What the task requires:
Write out the entries below exactly, starting at the first line and stopping after the line that contains "circle A7 centre"; skip all pictures.

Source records

┌──

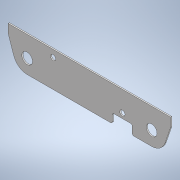
# Autodesk Inventor part: outside_plate
Saved by Autodesk Inventor 2022 (Build 260153000, 153)
## iProperties
Created: 2021-07-14
Part Number: outside_plate
Material: Generic
Document SubType Name: Modeling
Designer: gfellows
Density: 1 g/cm^3
Appearance: Default
Author: gfellows
Autodesk Inventor part; units mm, degrees
ref_plane "YZ Plane" through (0, 0, 0) normal (1, 0, 0) x (0, 1, 0)
ref_plane "XZ Plane" through (0, 0, 0) normal (0, 1, 0) x (-1, 0, 0)
ref_plane "XY Plane" through (0, 0, 0) normal (0, 0, 1) x (1, 0, 0)
sketch "main_sketch" plane through (0, 0, 0) normal (0, 0, 1) x (1, 0, 0)
  circle A0 centre (0, 0) radius 50 construction
  circle A1 centre (330.2, 0) radius 50 construction
  circle A2 centre (0, 0) radius 12.7 construction
  circle A3 centre (330.2, 0) radius 12.7 construction
  circle A4 centre (68.8579, 36.0008) radius 12.7 construction
  circle A5 centre (252.6541, 0.2) radius 12.7 construction
  line L0 (68.8579, 36.0008) -> (0, 0) construction
  circle A6 centre (68.8579, 36.0008) radius 6.75 construction
  circle A7 centre (252.6541, 0.2) radius 6.75 construction
  line L1 (96.8579, 55) -> (220.7349, 55) construction
  line L2 (220.7349, 55) -> (220.7349, 17.0016) construction
  line L3 (220.7349, 17.0016) -> (96.8579, 17.0016) construction
  line L4 (96.8579, 17.0016) -> (96.8579, 55) construction
  line L5 (224.6541, -18.7992) -> (100.7771, -18.7992) construction
  line L6 (100.7771, -18.7992) -> (100.7771, 19.1992) construction
  line L7 (100.7771, 19.1992) -> (224.6541, 19.1992) construction
  line L8 (224.6541, 19.1992) -> (224.6541, -18.7992) construction
  line L9 (100.7771, 0.2) -> (224.6541, 0.2) construction
  line L10 (96.8579, 36.0008) -> (220.7349, 36.0008) construction
  line L11 (330.1672, -12.7) -> (252.6213, -12.5) construction
  line L12 (5.8842, -11.2546) -> (74.7421, 24.7462) construction
  line L13 (-5.8842, 11.2546) -> (62.9737, 47.2554) construction
  line L14 (253.6541, -13.3) -> (277.6541, -13.3) construction
  line L15 (277.6541, -13.3) -> (277.6541, -37.3) construction
  line L16 (277.6541, -37.3) -> (253.6541, -37.3) construction
  line L17 (253.6541, -37.3) -> (253.6541, -13.3) construction
  line L18 (252.6541, 0.2) -> (330.2, 0) construction
  line L19 (0, -50) -> (330.2, -50) construction
  line L20 (250.6541, -37.3) -> (226.6541, -37.3) construction
  line L21 (226.6541, -37.3) -> (226.6541, -13.3) construction
  line L22 (226.6541, -13.3) -> (250.6541, -13.3) construction
  line L23 (250.6541, -13.3) -> (250.6541, -37.3) construction
  line L24 (-50, 58.175) -> (380.2, 58.175) construction
  line L25 (380.2, 58.175) -> (380.2, 55) construction
  line L26 (380.2, 55) -> (-50, 55) construction
  line L27 (-50, 55) -> (-50, 58.175) construction
  line L28 (252.6868, 12.9) -> (330.2328, 12.7) construction
  line L29 (224.6541, 9.7) -> (238.5511, 9.7) construction
  line L30 (238.5511, 9.7) -> (238.5511, -9.3) construction
  line L31 (238.5511, -9.3) -> (224.6541, -9.3) construction
  line L32 (224.6541, -9.3) -> (224.6541, 9.7) construction
  line L33 (225.6541, -12.3) -> (278.6541, -12.3)
  line L34 (278.6541, -12.3) -> (278.6541, -37.3)
  line L35 (225.6541, -12.3) -> (225.6541, -37.3)
  line L36 (317.9464, 55) -> (342.9, 55) construction
  line L37 (342.9, 55) -> (342.9, 50) construction
  line L38 (342.9, 50) -> (317.9464, 50) construction
  line L39 (317.9464, 50) -> (317.9464, 55) construction
  line L40 (380.2, 55) -> (380.2, -5.9093) construction
  line L41 (-50, 55) -> (-50, 17.1992) construction
  line L42 (-50, 55) -> (380.2, 55) construction
  line L43 (-50, 55) -> (380.2, 55)
  circle A8 centre (330.2, 0) radius 14.2748
  circle A9 centre (0, 0) radius 14.2748
  circle A10 centre (252.6541, 0.2) radius 7.008
  circle A11 centre (68.8579, 36.0008) radius 7.008
  circle A12 centre (330.2, 0) radius 37.3
  circle A13 centre (0, 0) radius 37.3
  line L44 (380.2, 52.5) -> (380.2, 43) projected
  line L45 (380.2, 55) -> (380.2, 31)
  line L46 (380.2, 31) -> (365.4988, -12.0533)
  line L47 (278.6541, -37.3) -> (330.2, -37.3)
  line L48 (-50, 55) -> (-50, 31)
  line L49 (-50, 31) -> (-35.2988, -12.0533)
  line L50 (225.6541, -37.3) -> (0, -37.3)
  circle A14 centre (296.2, 47) radius 2 projected
  circle A15 centre (304.2, 47) radius 2 projected
  circle A16 centre (312.2, 47) radius 2 projected
  circle A17 centre (320.2, 47) radius 2 projected
  circle A18 centre (328.2, 47) radius 2 projected
  circle A19 centre (336.2, 47) radius 2 projected
  circle A20 centre (344.2, 47) radius 2 projected
  circle A21 centre (352.2, 47) radius 2 projected
  circle A22 centre (360.2, 47) radius 2 projected
  circle A23 centre (368.2, 47) radius 2 projected
  circle A24 centre (376.2, 47) radius 2 projected
  circle A25 centre (-46, 47) radius 2 projected
  circle A26 centre (-38, 47) radius 2 projected
  circle A27 centre (-30, 47) radius 2 projected
  circle A28 centre (-22, 47) radius 2 projected
  circle A29 centre (-6, 47) radius 2 projected
  circle A30 centre (-14, 47) radius 2 projected
  circle A31 centre (2, 47) radius 2 projected
  circle A32 centre (10, 47) radius 2 projected
  circle A33 centre (18, 47) radius 2 projected
  circle A34 centre (26, 47) radius 2 projected
  circle A35 centre (34, 47) radius 2 projected
  circle A36 centre (283.6541, -32.3) radius 4
  circle A37 centre (283.6541, -32.3) radius 2
  line L51 (272.6868, 22.9) -> (272.6868, 2.9) construction
  line L52 (270.6868, 22.9) -> (270.6868, 2.9)
  line L53 (274.6868, 2.9) -> (274.6868, 22.9)
  arc A38 (274.6868, 22.9) -> (270.6868, 22.9) centre (272.6868, 22.9) ccw
  arc A39 (270.6868, 2.9) -> (274.6868, 2.9) centre (272.6868, 2.9) ccw
  line L54 (61.6516, 6.6178) -> (52.3851, 24.3416) construction
  line L55 (63.4239, 7.5445) -> (54.1575, 25.2683)
  line L56 (50.6127, 23.415) -> (59.8792, 5.6912)
  arc A40 (59.8792, 5.6912) -> (63.4239, 7.5445) centre (61.6516, 6.6178) ccw
  arc A41 (54.1575, 25.2683) -> (50.6127, 23.415) centre (52.3851, 24.3416) ccw
  circle A42 centre (209.6541, -28.0496) radius 4
  line L57 (221.9902, -18.7992) -> (221.9902, -37.3)
  circle A43 centre (161.6541, -28.0496) radius 4
  circle A44 centre (113.6541, -28.0496) radius 4
  circle A45 centre (65.6541, -28.0496) radius 4
  circle A46 centre (209.6541, -28.0496) radius 2
  circle A47 centre (161.6541, -28.0496) radius 2
  circle A48 centre (113.6541, -28.0496) radius 2
  circle A49 centre (65.6541, -28.0496) radius 2
  circle A50 centre (252.6541, 36.0008) radius 4
  circle A51 centre (252.6541, 36.0008) radius 2
  point P0 (238.5511, 0.2)
  point P1 (272.6868, 12.9)
  point P2 (57.0183, 15.4797)
  point P3 (221.9902, -28.0496)
  dimension "d0" = 100
  dimension "d1" = 100
  dimension "d2" = 25.4
  dimension "d3" = 25.4
  dimension "d4" = 25.4
  dimension "d5" = 25.4
  dimension "d6" = 13.5
  dimension "d7" = 13.5
  dimension "d8" = 37.9984
  dimension "d9" = 37.9984
  dimension "d10" = 24
  dimension "d11" = 24
  dimension "d12" = 77.5462
  dimension "d13" = 330.2
  dimension "d14" = 123.877
  dimension "d15" = 123.877
  dimension "d16" = 28
  dimension "d17" = 28
  dimension "d18" = 77.7011
  dimension "d19" = 12.7
  dimension "d20" = 24
  dimension "d21" = 3.175
  dimension "d23" = 12.7
  dimension "d24" = 3
  dimension "d25" = 19
  dimension "d26" = 1
  dimension "d27" = 1
  dimension "d28" = 1
  dimension "d29" = 1
  dimension "d32" = 5
  dimension "d34" = 3
  dimension "d40" = 28.5496
  dimension "d41" = 28.5496
  dimension "d42" = 14.016
  dimension "d43" = 14.016
  dimension "d45" = 24
  dimension "d46" = 24
  dimension "d48" = 8
  dimension "d49" = 5
  dimension "d50" = 5
  dimension "d51" = 4
  dimension "d52" = 4
  dimension "d53" = 20
  dimension "d54" = 20
  dimension "d55" = 4
  dimension "d56" = 20
  dimension "d57" = 18
  dimension "d58" = 8
  dimension "d59" = 16
  dimension "d62" = 48
  dimension "d67" = 4
  dimension "d68" = 4
  dimension "d69" = 4
  dimension "d70" = 4
  dimension "d71" = 8
  dimension "d72" = 4
  constraints: 118 end point, 28 centre point, 20 point on circle, 20 tangent, 17 coincident, 17 equal length, 13 horizontal, 10 horizontal alignment, 9 perpendicular, 9 vertical, 8 midpoint, 6 point on line, 4 vertical alignment, 10 other
  measures "d2" diameter of A2
  measures "d3" diameter of A3
  measures "d4" diameter of A4
  measures "d5" diameter of A5
  measures "d6" diameter of A6
  measures "d7" diameter of A7
  measures "d8" distance between parallel lines of L1 L3
  measures "d9" distance between parallel lines of L5 L7
  measures "d10" distance of L15.end L16.end
  measures "d11" distance of L14.end L15.end
  measures "d12" distance of point (330.2, 0) A5.centre
  measures "d13" distance of point (330.2, 0) point (0, 0)
  measures "d14" distance of L5.start L5.end
  measures "d15" distance of L1.start L1.end
  measures "d16" distance from line of L8 A5.centre
  measures "d17" distance from line of L4 L0.start
  measures "d18" distance of L0.start L0.end
  measures "d19" distance between parallel lines of L19 L16
  measures "d20" distance of L20.start L20.end
  measures "d21" distance of L25.end L24.end
  measures "d23" distance between parallel lines of L19 L20
  measures "d24" distance between parallel lines of L17 L23
  measures "d25" distance of L29.end L30.end
  measures "d26" distance between parallel lines of L21 L35
  measures "d27" distance between parallel lines of L35 L8
  measures "d28" distance between parallel lines of L33 L22
  measures "d29" horizontal distance of L14.end L33.end
  measures "d32" distance of L36.end L37.end
  measures "d34" distance between parallel lines of L33 L31
  measures "d40" diameter of A8
  measures "d41" diameter of A9
  measures "d42" diameter of A10
  measures "d43" diameter of A11
  measures "d45" distance of L25.end L45.end
  measures "d46" distance of L26.end L48.end
  measures "d48" diameter of A36
  measures "d49" distance from line of L47 A36.centre
  measures "d50" distance from line of L34 A36.centre
  measures "d51" diameter of A37
  measures "d52" diameter of A39
  measures "d53" distance of L52.start L52.end
  measures "d54" distance of L28.start point (272.687, 12.9)
  measures "d55" diameter of A41
  measures "d56" distance of L56.start L56.end
  measures "d57" distance from line of L12.end L55
  measures "d58" diameter of A42
  measures "d59" distance from line of L35 A42.centre
  measures "d62" distance of A42.centre A43.centre
  measures "d67" diameter of A46
  measures "d68" diameter of A47
  measures "d69" diameter of A48
  measures "d70" diameter of A49
  measures "d71" diameter of A50
  measures "d72" diameter of A51
extrude "Extrusion1" add sketch "main_sketch" along normal blind 3.175 contours L35 L50 A13 L49 L48 L43 L45 L44 L46 A12 L47 L34 L33 | A12 | A13 | A36 | A42 | A43 | A44 | A45 | A50
fillet "Fillet4" radius 4 4 edges at (278.6541, -37.3, 1.5875) (278.6541, -12.3, 1.5875) (225.6541, -12.3, 1.5875) (225.6541, -37.3, 1.5875)
fillet "Fillet5" radius 8 2 edges at (-50, 31, 1.5875) (380.2, 31, 1.5875)
equation "\"d9\" = d8"
equation "\"d15\" = d14"
equation "\"d20\" = d10"
body "Solid1"

└──

Response below:
# Autodesk Inventor part: outside_plate
Saved by Autodesk Inventor 2022 (Build 260153000, 153)
## iProperties
Created: 2021-07-14
Part Number: outside_plate
Material: Generic
Document SubType Name: Modeling
Designer: gfellows
Density: 1 g/cm^3
Appearance: Default
Author: gfellows
Autodesk Inventor part; units mm, degrees
ref_plane "YZ Plane" through (0, 0, 0) normal (1, 0, 0) x (0, 1, 0)
ref_plane "XZ Plane" through (0, 0, 0) normal (0, 1, 0) x (-1, 0, 0)
ref_plane "XY Plane" through (0, 0, 0) normal (0, 0, 1) x (1, 0, 0)
sketch "main_sketch" plane through (0, 0, 0) normal (0, 0, 1) x (1, 0, 0)
  circle A0 centre (0, 0) radius 50 construction
  circle A1 centre (330.2, 0) radius 50 construction
  circle A2 centre (0, 0) radius 12.7 construction
  circle A3 centre (330.2, 0) radius 12.7 construction
  circle A4 centre (68.8579, 36.0008) radius 12.7 construction
  circle A5 centre (252.6541, 0.2) radius 12.7 construction
  line L0 (68.8579, 36.0008) -> (0, 0) construction
  circle A6 centre (68.8579, 36.0008) radius 6.75 construction
  circle A7 centre (252.6541, 0.2) radius 6.75 construction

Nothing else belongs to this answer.